Türkiye saç transferi konusunda da 11 bin 328 işlemle dünyada üçüncü, Avrupa’da ise birinci sırada. Bu alanda dünya birinciliğini 36 bin 500 işlemle Hindistan elinde bulundururken, ikinci sıradaki ABD’de 11 bin 418 işlem yapılmış.
Desteğe ve hukuki iyileşmeye ihtiyaç var
Elbette plastik cerrahinin desteklenmeye ve bazı hukuki iyileştirmelere ihtiyacı var. Yasal boşluklar, merdivenaltı işletmeleri cesaretlendirirken, hastalar bilgi eksikliği ve daha ekonomik olduğundan uzman olmayan kişilere işlem yaptırabiliyor. Medyada karşılaşılan komplikasyonların önemli bölümü bu tür illegal işletmelerden kaynaklanıyor. Bu hatalar hastaları korkutup işlemlerden uzak tutarken, sağlık turizmine de balta vuruyor.
TPRECD Bilimsel İşler Sorumlusu Prof. Dr. Selahattin Özmen, “Merdivenaltı işlemlerde yükseliş ve hatalı uygulamalardaki artış yurtdışı basınında ülkemiz için olumsuz propaganda yapılmasına zemin hazırlıyor. Plastik cerrahinin korunması ve geliştirilmesi için ruhsatsız, izinsiz ve uzmanlık alanı olmaksızın bu alanda çalışanları engelleyecek düzenlemelere ihtiyaç var” diyor.

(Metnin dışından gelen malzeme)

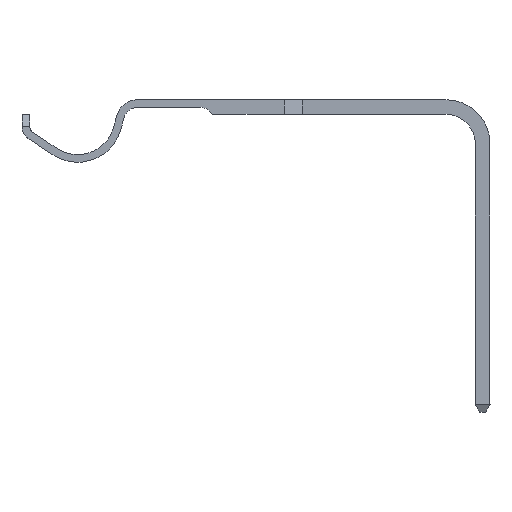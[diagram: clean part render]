
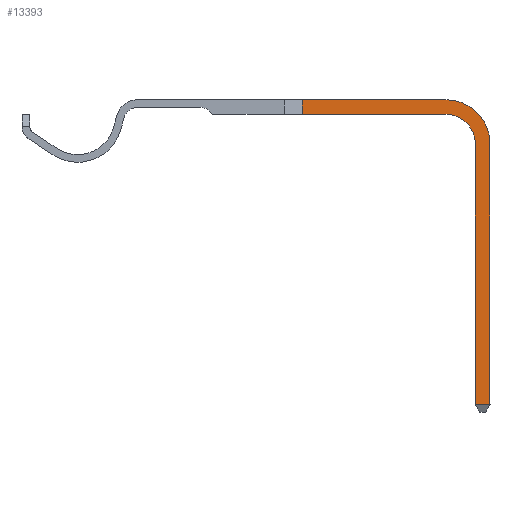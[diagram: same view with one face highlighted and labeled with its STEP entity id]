
A CAD part, left-side view. The second image highlights one B-rep face of the part: STEP entity #13393.
In plain terms, the highlighted face is planar.
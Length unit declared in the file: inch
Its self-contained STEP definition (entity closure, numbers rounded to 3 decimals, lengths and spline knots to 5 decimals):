
#792 = VERTEX_POINT ( 'NONE', #5036 ) ;
#811 = VERTEX_POINT ( 'NONE', #1632 ) ;
#834 = CARTESIAN_POINT ( 'NONE',  ( 0.85571, 0.532, -0.0125 ) ) ;
#980 = EDGE_CURVE ( 'NONE', #8144, #811, #15468, .T. ) ;
#1510 = DIRECTION ( 'NONE',  ( 0., 0., -1. ) ) ;
#1596 = CARTESIAN_POINT ( 'NONE',  ( 0.93071, 0.532, -0.0125 ) ) ;
#1632 = CARTESIAN_POINT ( 'NONE',  ( 0.85571, 0.0125, -0.0125 ) ) ;
#1783 = LINE ( 'NONE', #4791, #9117 ) ;
#1893 = EDGE_CURVE ( 'NONE', #792, #2038, #5926, .T. ) ;
#1916 = CARTESIAN_POINT ( 'NONE',  ( 0.61115, 0.0375, -0.0125 ) ) ;
#2038 = VERTEX_POINT ( 'NONE', #1596 ) ;
#2184 = ORIENTED_EDGE ( 'NONE', *, *, #15562, .T. ) ;
#2229 = CARTESIAN_POINT ( 'NONE',  ( 0.85571, 0.0875, -0.0125 ) ) ;
#2783 = ORIENTED_EDGE ( 'NONE', *, *, #19974, .T. ) ;
#3204 = CARTESIAN_POINT ( 'NONE',  ( 0.61115, 0.0125, -0.0125 ) ) ;
#3484 = ORIENTED_EDGE ( 'NONE', *, *, #14143, .T. ) ;
#3752 = EDGE_LOOP ( 'NONE', ( #17160, #5517, #2184, #13015, #19070, #6357, #3484, #2783 ) ) ;
#3776 = DIRECTION ( 'NONE',  ( 0., 0., 1. ) ) ;
#4386 = EDGE_CURVE ( 'NONE', #811, #9940, #9167, .T. ) ;
#4442 = CARTESIAN_POINT ( 'NONE',  ( 0.58021, 0.0375, -0.0125 ) ) ;
#4460 = DIRECTION ( 'NONE',  ( 0., 0., 1. ) ) ;
#4478 = DIRECTION ( 'NONE',  ( -1., 0., 0. ) ) ;
#4791 = CARTESIAN_POINT ( 'NONE',  ( 0.61115, 0.0875, -0.0125 ) ) ;
#5009 = FACE_OUTER_BOUND ( 'NONE', #3752, .T. ) ;
#5036 = CARTESIAN_POINT ( 'NONE',  ( 0.90571, 0.532, -0.0125 ) ) ;
#5517 = ORIENTED_EDGE ( 'NONE', *, *, #1893, .T. ) ;
#5624 = CIRCLE ( 'NONE', #7140, 0.05 ) ;
#5813 = EDGE_CURVE ( 'NONE', #10278, #792, #14593, .T. ) ;
#5926 = LINE ( 'NONE', #834, #18180 ) ;
#5992 = DIRECTION ( 'NONE',  ( 1., 0., 0. ) ) ;
#6240 = DIRECTION ( 'NONE',  ( 1., 0., 0. ) ) ;
#6357 = ORIENTED_EDGE ( 'NONE', *, *, #15533, .T. ) ;
#6924 = AXIS2_PLACEMENT_3D ( 'NONE', #2229, #3776, #14855 ) ;
#6928 = LINE ( 'NONE', #4442, #19188 ) ;
#7140 = AXIS2_PLACEMENT_3D ( 'NONE', #13953, #4460, #15581 ) ;
#7518 = CARTESIAN_POINT ( 'NONE',  ( 0.90571, 0.0875, -0.0125 ) ) ;
#7965 = DIRECTION ( 'NONE',  ( 0., -1., 0. ) ) ;
#8144 = VERTEX_POINT ( 'NONE', #14394 ) ;
#8184 = VERTEX_POINT ( 'NONE', #1916 ) ;
#8348 = CARTESIAN_POINT ( 'NONE',  ( 0.85571, 0.0875, -0.0125 ) ) ;
#9117 = VECTOR ( 'NONE', #12691, 39.37008 ) ;
#9167 = LINE ( 'NONE', #16009, #13909 ) ;
#9586 = CARTESIAN_POINT ( 'NONE',  ( 0.93071, 0.0875, -0.0125 ) ) ;
#9940 = VERTEX_POINT ( 'NONE', #3204 ) ;
#10278 = VERTEX_POINT ( 'NONE', #16675 ) ;
#11641 = PLANE ( 'NONE',  #6924 ) ;
#12691 = DIRECTION ( 'NONE',  ( 0., 1., 0. ) ) ;
#12847 = VECTOR ( 'NONE', #7965, 39.37008 ) ;
#12869 = CARTESIAN_POINT ( 'NONE',  ( 0.85571, 0.0375, -0.0125 ) ) ;
#13015 = ORIENTED_EDGE ( 'NONE', *, *, #980, .T. ) ;
#13365 = VERTEX_POINT ( 'NONE', #12869 ) ;
#13393 = ADVANCED_FACE ( 'NONE', ( #5009 ), #11641, .F. ) ;
#13909 = VECTOR ( 'NONE', #4478, 39.37008 ) ;
#13953 = CARTESIAN_POINT ( 'NONE',  ( 0.85571, 0.0875, -0.0125 ) ) ;
#14088 = VECTOR ( 'NONE', #20279, 39.37008 ) ;
#14143 = EDGE_CURVE ( 'NONE', #8184, #13365, #6928, .T. ) ;
#14394 = CARTESIAN_POINT ( 'NONE',  ( 0.93071, 0.0875, -0.0125 ) ) ;
#14593 = LINE ( 'NONE', #7518, #14088 ) ;
#14855 = DIRECTION ( 'NONE',  ( 1., 0., 0. ) ) ;
#15468 = CIRCLE ( 'NONE', #20274, 0.075 ) ;
#15533 = EDGE_CURVE ( 'NONE', #9940, #8184, #1783, .T. ) ;
#15562 = EDGE_CURVE ( 'NONE', #2038, #8144, #17099, .T. ) ;
#15581 = DIRECTION ( 'NONE',  ( 1., 0., 0. ) ) ;
#16009 = CARTESIAN_POINT ( 'NONE',  ( 0.58021, 0.0125, -0.0125 ) ) ;
#16675 = CARTESIAN_POINT ( 'NONE',  ( 0.90571, 0.0875, -0.0125 ) ) ;
#17099 = LINE ( 'NONE', #9586, #12847 ) ;
#17160 = ORIENTED_EDGE ( 'NONE', *, *, #5813, .T. ) ;
#18180 = VECTOR ( 'NONE', #20218, 39.37008 ) ;
#19070 = ORIENTED_EDGE ( 'NONE', *, *, #4386, .T. ) ;
#19188 = VECTOR ( 'NONE', #5992, 39.37008 ) ;
#19974 = EDGE_CURVE ( 'NONE', #13365, #10278, #5624, .T. ) ;
#20218 = DIRECTION ( 'NONE',  ( 1., 0., 0. ) ) ;
#20274 = AXIS2_PLACEMENT_3D ( 'NONE', #8348, #1510, #6240 ) ;
#20279 = DIRECTION ( 'NONE',  ( 0., 1., 0. ) ) ;
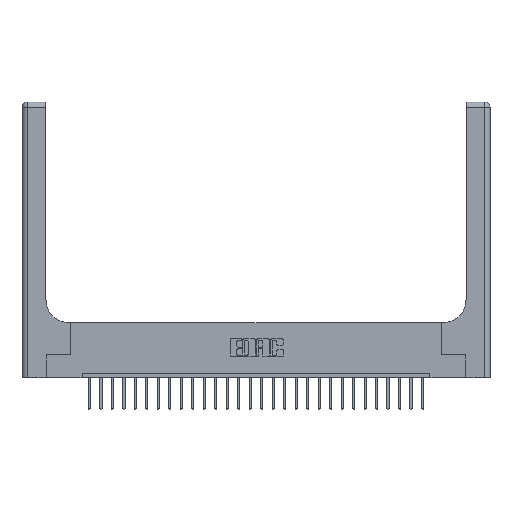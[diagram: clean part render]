
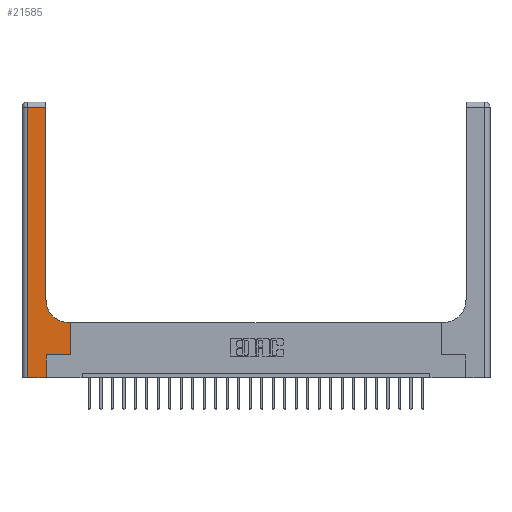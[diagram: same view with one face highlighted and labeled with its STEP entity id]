
A CAD part, top view. The second image highlights one B-rep face of the part: STEP entity #21585.
In plain terms, the highlighted planar face has unit normal (0, 0, 1).
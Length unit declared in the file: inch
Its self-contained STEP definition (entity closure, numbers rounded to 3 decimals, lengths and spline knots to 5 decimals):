
#563 = VERTEX_POINT ( 'NONE', #3246 ) ;
#853 = LINE ( 'NONE', #10789, #20810 ) ;
#1024 = VERTEX_POINT ( 'NONE', #9489 ) ;
#1080 = ORIENTED_EDGE ( 'NONE', *, *, #21273, .T. ) ;
#1314 = VECTOR ( 'NONE', #14781, 39.37008 ) ;
#1686 = VECTOR ( 'NONE', #10748, 39.37008 ) ;
#2762 = CARTESIAN_POINT ( 'NONE',  ( 0.265, 0.25, 0.37 ) ) ;
#3091 = CARTESIAN_POINT ( 'NONE',  ( 0.265, 0., 0.37 ) ) ;
#3246 = CARTESIAN_POINT ( 'NONE',  ( 0.06, 0., 0.37 ) ) ;
#3322 = EDGE_CURVE ( 'NONE', #22165, #21913, #10859, .T. ) ;
#3368 = DIRECTION ( 'NONE',  ( 1., 0., 0. ) ) ;
#4116 = CARTESIAN_POINT ( 'NONE',  ( 0.265, 0.25, 0.37 ) ) ;
#4150 = VECTOR ( 'NONE', #13047, 39.37008 ) ;
#4204 = VERTEX_POINT ( 'NONE', #23049 ) ;
#4547 = VERTEX_POINT ( 'NONE', #6799 ) ;
#4659 = DIRECTION ( 'NONE',  ( 0., -1., 0. ) ) ;
#4917 = EDGE_CURVE ( 'NONE', #563, #6374, #19038, .T. ) ;
#6374 = VERTEX_POINT ( 'NONE', #3091 ) ;
#6494 = DIRECTION ( 'NONE',  ( 1., 0., 0. ) ) ;
#6727 = EDGE_LOOP ( 'NONE', ( #14339, #17656, #12586, #22260, #17045, #20708, #14651, #14387, #1080 ) ) ;
#6743 = DIRECTION ( 'NONE',  ( -1., 0., 0. ) ) ;
#6799 = CARTESIAN_POINT ( 'NONE',  ( 0.06, 2.94, 0.37 ) ) ;
#7351 = AXIS2_PLACEMENT_3D ( 'NONE', #10957, #9367, #3368 ) ;
#7784 = VECTOR ( 'NONE', #18647, 39.37008 ) ;
#9322 = EDGE_CURVE ( 'NONE', #4204, #23636, #20353, .T. ) ;
#9367 = DIRECTION ( 'NONE',  ( 0., 0., -1. ) ) ;
#9489 = CARTESIAN_POINT ( 'NONE',  ( 0.528, 0.25, 0.37 ) ) ;
#9956 = DIRECTION ( 'NONE',  ( -1., 0., 0. ) ) ;
#10310 = LINE ( 'NONE', #10444, #19109 ) ;
#10419 = CARTESIAN_POINT ( 'NONE',  ( 0., 2.94, 0.37 ) ) ;
#10444 = CARTESIAN_POINT ( 'NONE',  ( 0.265, 0., 0.37 ) ) ;
#10748 = DIRECTION ( 'NONE',  ( 1., 0., 0. ) ) ;
#10789 = CARTESIAN_POINT ( 'NONE',  ( 0.06, 3., 0.37 ) ) ;
#10859 = LINE ( 'NONE', #10984, #1314 ) ;
#10957 = CARTESIAN_POINT ( 'NONE',  ( 0.51, 0.85, 0.37 ) ) ;
#10984 = CARTESIAN_POINT ( 'NONE',  ( 0.26, 3., 0.37 ) ) ;
#11581 = CARTESIAN_POINT ( 'NONE',  ( 0.528, 0.25, 0.37 ) ) ;
#11896 = EDGE_CURVE ( 'NONE', #1024, #4204, #22967, .T. ) ;
#12200 = CARTESIAN_POINT ( 'NONE',  ( 0., 3., 0.37 ) ) ;
#12586 = ORIENTED_EDGE ( 'NONE', *, *, #25110, .T. ) ;
#13047 = DIRECTION ( 'NONE',  ( 0., 1., 0. ) ) ;
#13977 = DIRECTION ( 'NONE',  ( 0., 1., 0. ) ) ;
#14010 = VECTOR ( 'NONE', #6743, 39.37008 ) ;
#14282 = DIRECTION ( 'NONE',  ( 0., 0., -1. ) ) ;
#14339 = ORIENTED_EDGE ( 'NONE', *, *, #3322, .T. ) ;
#14387 = ORIENTED_EDGE ( 'NONE', *, *, #9322, .T. ) ;
#14398 = FACE_OUTER_BOUND ( 'NONE', #6727, .T. ) ;
#14483 = CARTESIAN_POINT ( 'NONE',  ( 0.26, 0.6, 0.37 ) ) ;
#14651 = ORIENTED_EDGE ( 'NONE', *, *, #11896, .T. ) ;
#14781 = DIRECTION ( 'NONE',  ( 0., 1., 0. ) ) ;
#15665 = VERTEX_POINT ( 'NONE', #4116 ) ;
#16102 = PLANE ( 'NONE',  #21149 ) ;
#16837 = CARTESIAN_POINT ( 'NONE',  ( 0., 0., 0.37 ) ) ;
#17045 = ORIENTED_EDGE ( 'NONE', *, *, #24722, .T. ) ;
#17384 = CARTESIAN_POINT ( 'NONE',  ( 0.26, 2.94, 0.37 ) ) ;
#17531 = EDGE_CURVE ( 'NONE', #15665, #1024, #20679, .T. ) ;
#17656 = ORIENTED_EDGE ( 'NONE', *, *, #20012, .T. ) ;
#18647 = DIRECTION ( 'NONE',  ( -1., 0., 0. ) ) ;
#19038 = LINE ( 'NONE', #16837, #22102 ) ;
#19109 = VECTOR ( 'NONE', #13977, 39.37008 ) ;
#19825 = CARTESIAN_POINT ( 'NONE',  ( 0.51, 0.6, 0.37 ) ) ;
#20012 = EDGE_CURVE ( 'NONE', #21913, #4547, #22301, .T. ) ;
#20353 = LINE ( 'NONE', #14483, #7784 ) ;
#20679 = LINE ( 'NONE', #2762, #1686 ) ;
#20708 = ORIENTED_EDGE ( 'NONE', *, *, #17531, .T. ) ;
#20810 = VECTOR ( 'NONE', #4659, 39.37008 ) ;
#21149 = AXIS2_PLACEMENT_3D ( 'NONE', #12200, #14282, #9956 ) ;
#21273 = EDGE_CURVE ( 'NONE', #23636, #22165, #22412, .T. ) ;
#21585 = ADVANCED_FACE ( 'NONE', ( #14398 ), #16102, .F. ) ;
#21913 = VERTEX_POINT ( 'NONE', #17384 ) ;
#22102 = VECTOR ( 'NONE', #6494, 39.37008 ) ;
#22165 = VERTEX_POINT ( 'NONE', #22330 ) ;
#22260 = ORIENTED_EDGE ( 'NONE', *, *, #4917, .T. ) ;
#22301 = LINE ( 'NONE', #10419, #14010 ) ;
#22330 = CARTESIAN_POINT ( 'NONE',  ( 0.26, 0.85, 0.37 ) ) ;
#22412 = CIRCLE ( 'NONE', #7351, 0.25 ) ;
#22967 = LINE ( 'NONE', #11581, #4150 ) ;
#23049 = CARTESIAN_POINT ( 'NONE',  ( 0.528, 0.6, 0.37 ) ) ;
#23636 = VERTEX_POINT ( 'NONE', #19825 ) ;
#24722 = EDGE_CURVE ( 'NONE', #6374, #15665, #10310, .T. ) ;
#25110 = EDGE_CURVE ( 'NONE', #4547, #563, #853, .T. ) ;

TPRECD Yönetim Kurulu üyelerinden Prof. Dr. Şükrü Yazar ise sektörden çürük elmalarının ayıklanmasının önemine dikkat çekerek yetkili makamlara çağrıda bulundu: “İlgili makamlardan talebimiz, ülkemizin en değerli insan kaynaklarından olan plastik cerrahların çalışma alanlarının korunması, Plastik Cerrahi eğitimlerine daha fazla kaynak ayrılması ve koşulların iyileştirilmesidir. Branş ihlalleri ve merdivenaltı uygulamaların önüne geçmek için yasal yaptırımların artırılmasını bekliyoruz. Bu alana yapılacak yatırımlar; sağlık turizminde dünya markası konumumuzu sağlamlaştıracak ve pozisyonumuzu güçlendirecektir.”